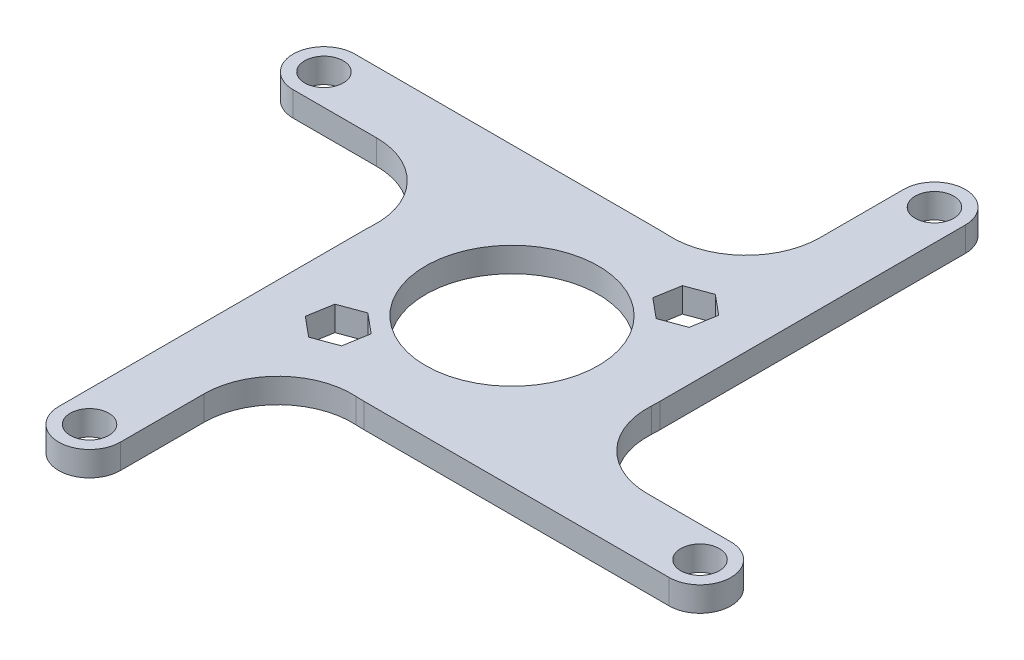
SolidWorks part; units mm, degrees
material "Plain Carbon Steel"
ref_plane "Front Plane" through (0, 0, 0) normal (0, 0, 1) x (1, 0, 0)
ref_plane "Top Plane" through (0, 0, 0) normal (0, 1, 0) x (1, 0, 0)
ref_plane "Right Plane" through (0, 0, 0) normal (1, 0, 0) x (0, 0, -1)
sketch "Sketch1" plane through (0, 0, 0) normal (0, 1, 0) x (1, 0, 0)
  line L0 (-49.4773, 19) -> (-13.0695, 5.0189) construction
  line L1 (-49.4773, 24) -> (0, 24)
  line L2 (-49.4773, 14) -> (-19.4936, 14)
  line L3 (24, 49.4773) -> (24, 0)
  line L4 (14, 49.4773) -> (14, 19.4936)
  line L5 (49.4773, -24) -> (0, -24)
  line L6 (49.4773, -14) -> (19.4936, -14)
  line L7 (-49.4773, 14) -> (-49.4773, 15.875) construction
  line L8 (-49.4773, 15.875) -> (-49.4773, 22.125) construction
  line L9 (-49.4773, 22.125) -> (-49.4773, 24) construction
  line L10 (0, 14) -> (0, 24) construction
  line L11 (-24, -49.4773) -> (-24, 0)
  line L12 (-14, -49.4773) -> (-14, -19.4936)
  line L13 (19, 49.4773) -> (-19, -49.4773) construction
  circle A0 centre (0, 0) radius 14
  arc A1 (-24, -49.4773) -> (-14, -49.4773) centre (-19, -49.4773) ccw
  circle A2 centre (-19, -49.4773) radius 3.125
  arc A3 (-14, -19.4936) -> (0, -24) centre (0, 0) ccw
  arc A6 (14, 19.4936) -> (0, 24) centre (0, 0) ccw
  arc A7 (-49.4773, 24) -> (-49.4773, 14) centre (-49.4773, 19) ccw
  arc A8 (24, 49.4773) -> (14, 49.4773) centre (19, 49.4773) ccw
  arc A9 (49.4773, -24) -> (49.4773, -14) centre (49.4773, -19) ccw
  circle A10 centre (-49.4773, 19) radius 3.125
  circle A11 centre (19, 49.4773) radius 3.125
  circle A12 centre (49.4773, -19) radius 3.125
  arc A13 (19.4936, -14) -> (24, 0) centre (0, 0) ccw
  arc A14 (-19.4936, 14) -> (-24, 0) centre (0, 0) ccw
  circle A15 centre (0, 0) radius 48 construction
  point P15 (-24, 0)
  point P33 (0, 0)
  dimension "D2" = 28
  dimension "D3" = 6.25
  dimension "D4" = 106
  dimension "D5" = 5
  dimension "D6" = 10
  dimension "D1" = 4
extrude "Boss-Extrude1" add sketch "Sketch1" along normal blind 4
fillet "Fillet1" radius 12 4 edges at (19.4936, 2, 14) (14, 2, -19.4936) (-19.4936, 2, -14) (-14, 2, 19.4936)
sketch "Sketch3" plane through (0, 4, 0) normal (0, 1, 0) x (1, 0, 0)
  line L0 (12.7823, 15.3822) -> (-12.7823, -15.3822) construction
  line L3 (24, 0) -> (24, 49.4773) construction
  line L5 (9.5852, 18.039) -> (8.8829, 13.9418)
  line L6 (8.8829, 13.9418) -> (12.0801, 11.285)
  line L7 (12.0801, 11.285) -> (15.9794, 12.7255)
  line L8 (15.9794, 12.7255) -> (16.6817, 16.8226)
  line L9 (16.6817, 16.8226) -> (13.4846, 19.4794)
  line L10 (13.4846, 19.4794) -> (9.5852, 18.039)
  line L11 (-15.9794, -12.7255) -> (-16.6817, -16.8226)
  line L12 (-16.6817, -16.8226) -> (-13.4846, -19.4794)
  line L13 (-13.4846, -19.4794) -> (-9.5852, -18.039)
  line L14 (-9.5852, -18.039) -> (-8.8829, -13.9418)
  line L15 (-8.8829, -13.9418) -> (-12.0801, -11.285)
  line L16 (-12.0801, -11.285) -> (-15.9794, -12.7255)
  circle A0 centre (12.7823, 15.3822) radius 1.5 construction
  circle A1 centre (-12.7823, -15.3822) radius 1.5 construction
  circle A2 centre (12.7823, 15.3822) radius 11.2177 construction
  arc A5 (1.3333, 23.9629) -> (14, 35.9444) centre (2, 35.9444) ccw construction
  circle A6 centre (12.7823, 15.3822) radius 3.6 construction
  circle A7 centre (-12.7823, -15.3822) radius 3.6 construction
  point P4 (0, 0)
  dimension "D1" = 40
  dimension "D2" = 3
  dimension "D3" = 7.2
extrude "Cut-Extrude2" cut sketch "Sketch3" against normal blind 10

:::::

Whatever else the listing above holds, retype exactly only the lines from the one containing "line L3 (24, 0)" to the one containing "line L9 (16.6817, 16.8226)", both ends kept.

• **Written response**:
  line L3 (24, 0) -> (24, 49.4773) construction
  line L5 (9.5852, 18.039) -> (8.8829, 13.9418)
  line L6 (8.8829, 13.9418) -> (12.0801, 11.285)
  line L7 (12.0801, 11.285) -> (15.9794, 12.7255)
  line L8 (15.9794, 12.7255) -> (16.6817, 16.8226)
  line L9 (16.6817, 16.8226) -> (13.4846, 19.4794)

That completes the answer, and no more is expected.